The two 401 lines are the important ones: they confirm the handshake refuses anything without a valid token. The last line confirms the row was stored under the identity from the JWT, not a name off the wire. The test signs a throwaway user up against Neon Auth and exchanges the session for a JWT exactly the way the browser does, so it exercises the real token path rather than a mock.
Reconnecting like a serverless client should
One more reality of serverless: an idle isolate can be evicted, which closes your socket.
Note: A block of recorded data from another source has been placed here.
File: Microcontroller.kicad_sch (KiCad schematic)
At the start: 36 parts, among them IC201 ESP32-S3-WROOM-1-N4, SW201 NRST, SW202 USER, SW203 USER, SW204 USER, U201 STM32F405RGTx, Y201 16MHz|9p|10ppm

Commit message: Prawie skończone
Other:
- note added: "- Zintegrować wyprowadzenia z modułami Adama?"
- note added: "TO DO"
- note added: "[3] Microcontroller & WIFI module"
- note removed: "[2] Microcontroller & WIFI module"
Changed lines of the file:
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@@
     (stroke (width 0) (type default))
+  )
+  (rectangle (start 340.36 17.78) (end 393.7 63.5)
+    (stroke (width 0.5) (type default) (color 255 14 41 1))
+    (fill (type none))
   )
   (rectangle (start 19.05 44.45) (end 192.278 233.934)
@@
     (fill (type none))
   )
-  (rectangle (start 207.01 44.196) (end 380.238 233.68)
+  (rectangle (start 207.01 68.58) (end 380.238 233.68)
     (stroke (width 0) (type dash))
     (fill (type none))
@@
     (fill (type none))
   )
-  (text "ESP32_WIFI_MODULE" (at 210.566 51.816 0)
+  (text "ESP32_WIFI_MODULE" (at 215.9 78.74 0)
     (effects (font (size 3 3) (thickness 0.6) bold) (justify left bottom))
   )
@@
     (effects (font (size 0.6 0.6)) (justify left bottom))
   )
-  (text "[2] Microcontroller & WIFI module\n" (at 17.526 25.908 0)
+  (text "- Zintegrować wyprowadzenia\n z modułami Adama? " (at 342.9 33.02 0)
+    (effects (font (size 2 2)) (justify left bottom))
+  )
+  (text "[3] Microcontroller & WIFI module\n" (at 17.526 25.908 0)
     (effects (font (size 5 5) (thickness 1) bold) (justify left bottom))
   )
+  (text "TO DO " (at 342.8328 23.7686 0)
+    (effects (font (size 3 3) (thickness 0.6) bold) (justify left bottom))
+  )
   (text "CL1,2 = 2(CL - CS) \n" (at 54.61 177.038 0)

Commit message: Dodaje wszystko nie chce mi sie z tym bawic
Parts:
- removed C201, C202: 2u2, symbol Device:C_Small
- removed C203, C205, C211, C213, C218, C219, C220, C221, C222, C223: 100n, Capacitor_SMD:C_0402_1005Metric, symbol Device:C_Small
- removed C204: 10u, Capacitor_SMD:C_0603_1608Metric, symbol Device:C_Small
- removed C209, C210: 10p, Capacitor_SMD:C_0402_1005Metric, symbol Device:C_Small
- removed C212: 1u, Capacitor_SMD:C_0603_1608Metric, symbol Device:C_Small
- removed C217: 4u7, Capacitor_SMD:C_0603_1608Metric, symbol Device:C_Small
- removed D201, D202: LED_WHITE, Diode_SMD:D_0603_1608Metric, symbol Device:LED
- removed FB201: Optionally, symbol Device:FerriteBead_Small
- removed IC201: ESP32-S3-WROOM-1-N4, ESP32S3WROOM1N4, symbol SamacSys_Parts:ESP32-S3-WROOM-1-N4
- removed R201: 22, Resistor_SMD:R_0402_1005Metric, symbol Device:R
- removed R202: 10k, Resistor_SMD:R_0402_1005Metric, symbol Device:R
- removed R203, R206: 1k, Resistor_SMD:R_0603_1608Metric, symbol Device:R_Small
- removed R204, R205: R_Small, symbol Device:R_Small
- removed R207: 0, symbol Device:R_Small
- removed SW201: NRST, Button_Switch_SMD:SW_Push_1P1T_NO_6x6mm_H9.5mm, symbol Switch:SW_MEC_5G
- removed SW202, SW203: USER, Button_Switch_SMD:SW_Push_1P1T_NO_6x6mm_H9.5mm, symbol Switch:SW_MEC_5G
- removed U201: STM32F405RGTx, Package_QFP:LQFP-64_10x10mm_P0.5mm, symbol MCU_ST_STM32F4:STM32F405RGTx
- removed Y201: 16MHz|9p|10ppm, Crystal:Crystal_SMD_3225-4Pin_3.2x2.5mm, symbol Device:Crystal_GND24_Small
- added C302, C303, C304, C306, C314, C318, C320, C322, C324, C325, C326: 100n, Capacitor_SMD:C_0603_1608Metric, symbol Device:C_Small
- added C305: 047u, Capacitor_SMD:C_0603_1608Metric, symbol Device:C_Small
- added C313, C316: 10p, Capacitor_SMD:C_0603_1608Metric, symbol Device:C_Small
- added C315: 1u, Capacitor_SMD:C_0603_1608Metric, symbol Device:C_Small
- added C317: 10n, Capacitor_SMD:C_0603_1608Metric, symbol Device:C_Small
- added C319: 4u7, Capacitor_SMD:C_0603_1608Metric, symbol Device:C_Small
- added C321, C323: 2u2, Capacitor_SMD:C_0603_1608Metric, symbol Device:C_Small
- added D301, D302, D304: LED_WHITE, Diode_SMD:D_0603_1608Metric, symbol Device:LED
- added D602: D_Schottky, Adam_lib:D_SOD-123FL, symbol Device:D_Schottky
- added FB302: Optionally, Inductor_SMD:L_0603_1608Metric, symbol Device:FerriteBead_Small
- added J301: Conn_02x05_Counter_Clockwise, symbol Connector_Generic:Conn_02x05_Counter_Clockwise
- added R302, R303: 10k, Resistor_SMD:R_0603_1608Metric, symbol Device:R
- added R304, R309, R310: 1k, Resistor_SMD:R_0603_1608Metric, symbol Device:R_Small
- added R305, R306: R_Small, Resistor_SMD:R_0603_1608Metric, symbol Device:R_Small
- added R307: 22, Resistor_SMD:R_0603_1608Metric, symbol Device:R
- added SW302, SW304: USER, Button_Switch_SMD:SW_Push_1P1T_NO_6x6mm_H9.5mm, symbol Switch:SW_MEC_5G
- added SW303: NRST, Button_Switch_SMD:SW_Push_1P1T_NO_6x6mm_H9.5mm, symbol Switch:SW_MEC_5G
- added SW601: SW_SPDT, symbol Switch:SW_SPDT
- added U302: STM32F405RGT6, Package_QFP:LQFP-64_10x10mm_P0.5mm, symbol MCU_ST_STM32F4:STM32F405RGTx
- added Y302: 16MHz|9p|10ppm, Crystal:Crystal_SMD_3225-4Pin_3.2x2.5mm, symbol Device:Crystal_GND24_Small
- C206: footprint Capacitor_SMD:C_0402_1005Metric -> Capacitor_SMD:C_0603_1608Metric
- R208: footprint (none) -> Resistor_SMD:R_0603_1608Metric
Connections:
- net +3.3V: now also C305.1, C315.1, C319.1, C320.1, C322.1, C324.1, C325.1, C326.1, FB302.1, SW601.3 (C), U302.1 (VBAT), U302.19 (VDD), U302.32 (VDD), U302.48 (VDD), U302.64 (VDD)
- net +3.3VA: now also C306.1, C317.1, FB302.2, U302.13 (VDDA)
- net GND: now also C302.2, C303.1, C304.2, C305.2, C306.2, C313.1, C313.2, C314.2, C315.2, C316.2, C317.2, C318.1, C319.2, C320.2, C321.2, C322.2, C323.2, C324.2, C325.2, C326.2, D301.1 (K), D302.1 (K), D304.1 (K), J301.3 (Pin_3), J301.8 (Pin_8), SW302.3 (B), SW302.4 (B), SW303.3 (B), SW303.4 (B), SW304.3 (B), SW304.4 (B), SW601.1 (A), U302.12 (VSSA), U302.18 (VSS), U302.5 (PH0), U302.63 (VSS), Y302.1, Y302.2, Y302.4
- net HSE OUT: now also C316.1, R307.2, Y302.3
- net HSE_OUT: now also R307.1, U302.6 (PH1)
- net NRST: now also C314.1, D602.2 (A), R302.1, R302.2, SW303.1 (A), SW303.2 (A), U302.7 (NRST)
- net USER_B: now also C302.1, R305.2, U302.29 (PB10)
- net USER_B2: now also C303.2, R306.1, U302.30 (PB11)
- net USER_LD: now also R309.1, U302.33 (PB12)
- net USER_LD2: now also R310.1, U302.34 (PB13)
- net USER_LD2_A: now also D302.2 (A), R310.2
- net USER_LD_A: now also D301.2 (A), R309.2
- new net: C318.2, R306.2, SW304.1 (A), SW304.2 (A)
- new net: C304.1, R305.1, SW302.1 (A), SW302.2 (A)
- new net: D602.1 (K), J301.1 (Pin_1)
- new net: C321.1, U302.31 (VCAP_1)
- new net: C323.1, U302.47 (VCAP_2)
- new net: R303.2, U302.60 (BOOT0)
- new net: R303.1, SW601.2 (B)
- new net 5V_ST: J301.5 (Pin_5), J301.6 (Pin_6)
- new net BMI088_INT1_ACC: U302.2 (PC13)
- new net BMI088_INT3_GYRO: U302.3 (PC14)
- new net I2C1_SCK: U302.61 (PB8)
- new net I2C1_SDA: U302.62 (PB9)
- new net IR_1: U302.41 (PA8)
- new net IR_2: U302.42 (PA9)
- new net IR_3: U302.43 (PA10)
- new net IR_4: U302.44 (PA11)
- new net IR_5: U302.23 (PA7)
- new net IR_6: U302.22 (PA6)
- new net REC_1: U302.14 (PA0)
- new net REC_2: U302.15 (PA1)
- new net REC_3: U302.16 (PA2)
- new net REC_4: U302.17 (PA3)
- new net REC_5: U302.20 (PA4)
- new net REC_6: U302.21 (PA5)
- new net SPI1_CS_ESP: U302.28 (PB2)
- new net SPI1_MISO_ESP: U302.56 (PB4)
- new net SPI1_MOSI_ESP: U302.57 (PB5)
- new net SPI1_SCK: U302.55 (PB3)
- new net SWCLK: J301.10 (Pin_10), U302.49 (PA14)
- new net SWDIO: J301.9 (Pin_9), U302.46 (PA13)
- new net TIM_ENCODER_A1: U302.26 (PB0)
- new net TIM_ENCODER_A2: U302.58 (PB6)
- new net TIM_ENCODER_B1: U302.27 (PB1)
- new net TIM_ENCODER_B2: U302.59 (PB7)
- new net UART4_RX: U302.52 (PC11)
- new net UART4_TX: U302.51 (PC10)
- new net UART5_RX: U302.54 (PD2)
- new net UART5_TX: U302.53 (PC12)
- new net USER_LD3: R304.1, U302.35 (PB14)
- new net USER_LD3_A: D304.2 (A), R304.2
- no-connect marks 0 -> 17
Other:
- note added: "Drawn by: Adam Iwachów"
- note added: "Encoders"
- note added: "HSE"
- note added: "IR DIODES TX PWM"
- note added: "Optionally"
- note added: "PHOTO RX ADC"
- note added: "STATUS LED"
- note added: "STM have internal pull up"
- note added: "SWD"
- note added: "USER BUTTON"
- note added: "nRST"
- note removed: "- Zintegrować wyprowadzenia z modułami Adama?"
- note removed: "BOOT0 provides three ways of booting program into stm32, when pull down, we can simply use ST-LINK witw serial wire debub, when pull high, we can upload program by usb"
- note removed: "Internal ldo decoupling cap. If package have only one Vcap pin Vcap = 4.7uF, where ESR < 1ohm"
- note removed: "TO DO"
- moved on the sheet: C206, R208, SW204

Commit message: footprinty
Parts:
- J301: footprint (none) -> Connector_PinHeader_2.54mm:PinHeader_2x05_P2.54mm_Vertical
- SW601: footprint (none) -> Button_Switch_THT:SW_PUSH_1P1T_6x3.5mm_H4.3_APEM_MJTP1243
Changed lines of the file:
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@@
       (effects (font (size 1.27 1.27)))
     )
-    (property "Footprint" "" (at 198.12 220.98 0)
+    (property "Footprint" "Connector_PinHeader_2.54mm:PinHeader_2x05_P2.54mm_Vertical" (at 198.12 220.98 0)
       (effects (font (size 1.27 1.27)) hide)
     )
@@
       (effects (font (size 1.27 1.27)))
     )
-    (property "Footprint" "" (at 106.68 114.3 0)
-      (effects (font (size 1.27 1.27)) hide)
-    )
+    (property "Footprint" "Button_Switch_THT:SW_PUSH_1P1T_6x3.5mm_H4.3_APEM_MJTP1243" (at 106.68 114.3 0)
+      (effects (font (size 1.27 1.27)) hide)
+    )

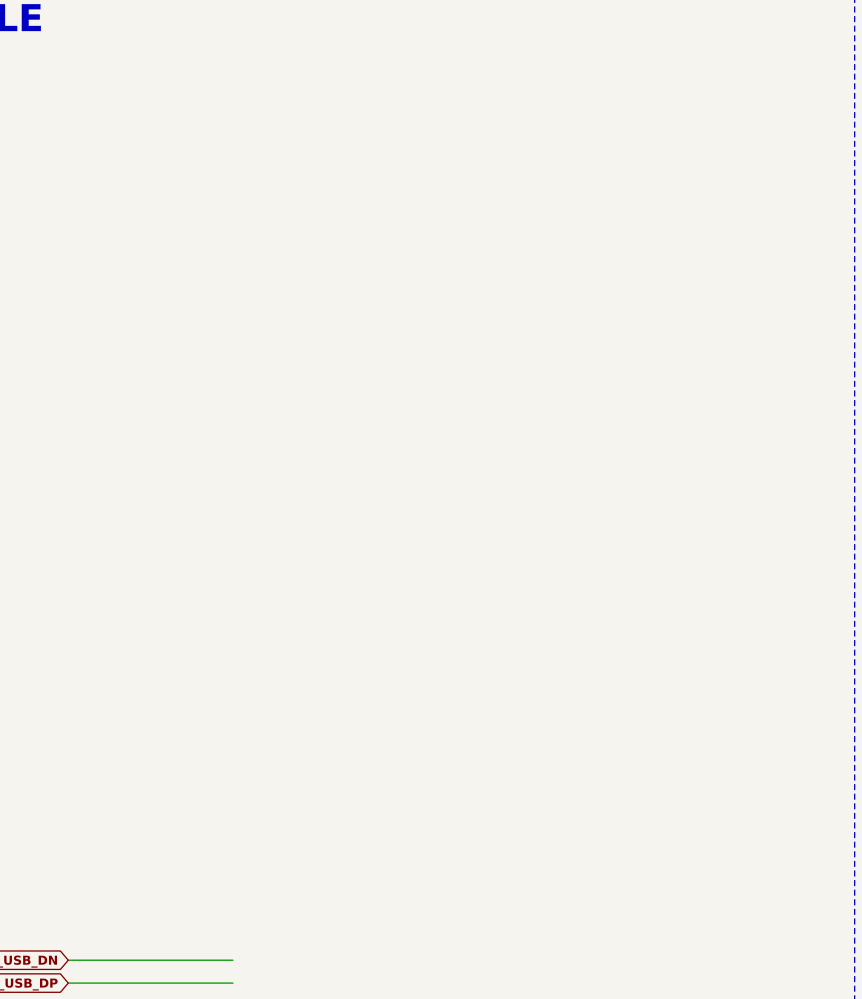
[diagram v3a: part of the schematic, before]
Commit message: wstępnie zrobiony adapter ESP32-S3. oceń czy jest git to zrobię footprinta do niego
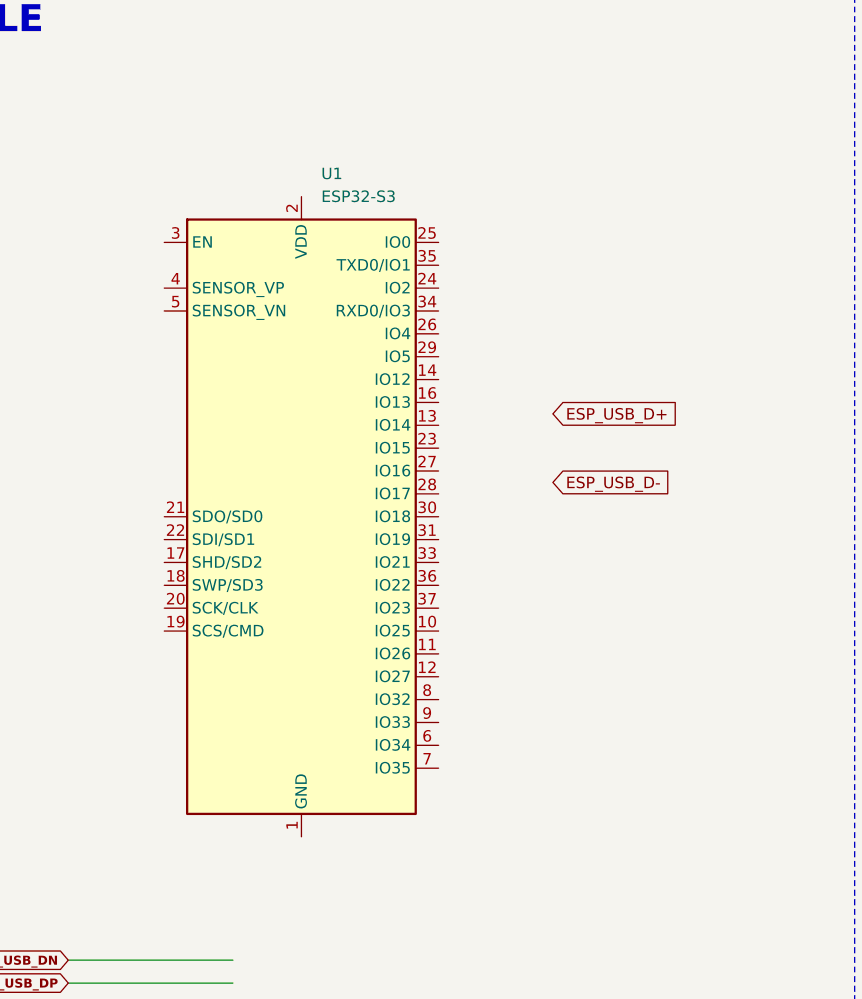
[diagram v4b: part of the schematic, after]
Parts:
- added U1: ESP32-S3, KoNaR_STANDARDY:adapter_ESP32, symbol RF_Module:ESP32-WROOM-32U
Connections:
- new net: U1.1 (GND), U1.15 (GND), U1.38 (GND), U1.39 (GND)

The client treats that as normal and reconnects with exponential backoff, and, importantly, mints a fresh token on each attempt rather than reusing the one it opened with, since tokens expire.
ws.onclose = () => {
setConnected(false);
if (!closed) timer = setTimeout(connect, Math.min(1000 * 2 ** retry++, 15000));
};
// connect() calls getToken() again every time, so a reconnect never
// replays an expired token.
That is what makes the short token TTL from earlier a non-issue in practice: the client is already re-authenticating on every reconnect, so nothing depends on a token living a long time.
The repo
The full function, the Next.js app with Neon Auth, and the integration test are here:
Wrapping up
The hard part of realtime auth is not the cryptography, it is the handshake: a WebSocket cannot carry a header, so you pass the token in the URL and verify it before you accept the connection, refusing anything invalid with a 401 up front. From there the rules are ordinary but easy to skip under deadline: take identity from the verified token and never from the client, and remember that in-process broadcasting fragments across isolates, so route fan-out through the database with LISTEN/NOTIFY. Because Neon Auth issues the tokens and Postgres stores both the messages and the pub/sub, the whole thing is one project with nothing else to run, and the test suite proves the wall around it actually stands.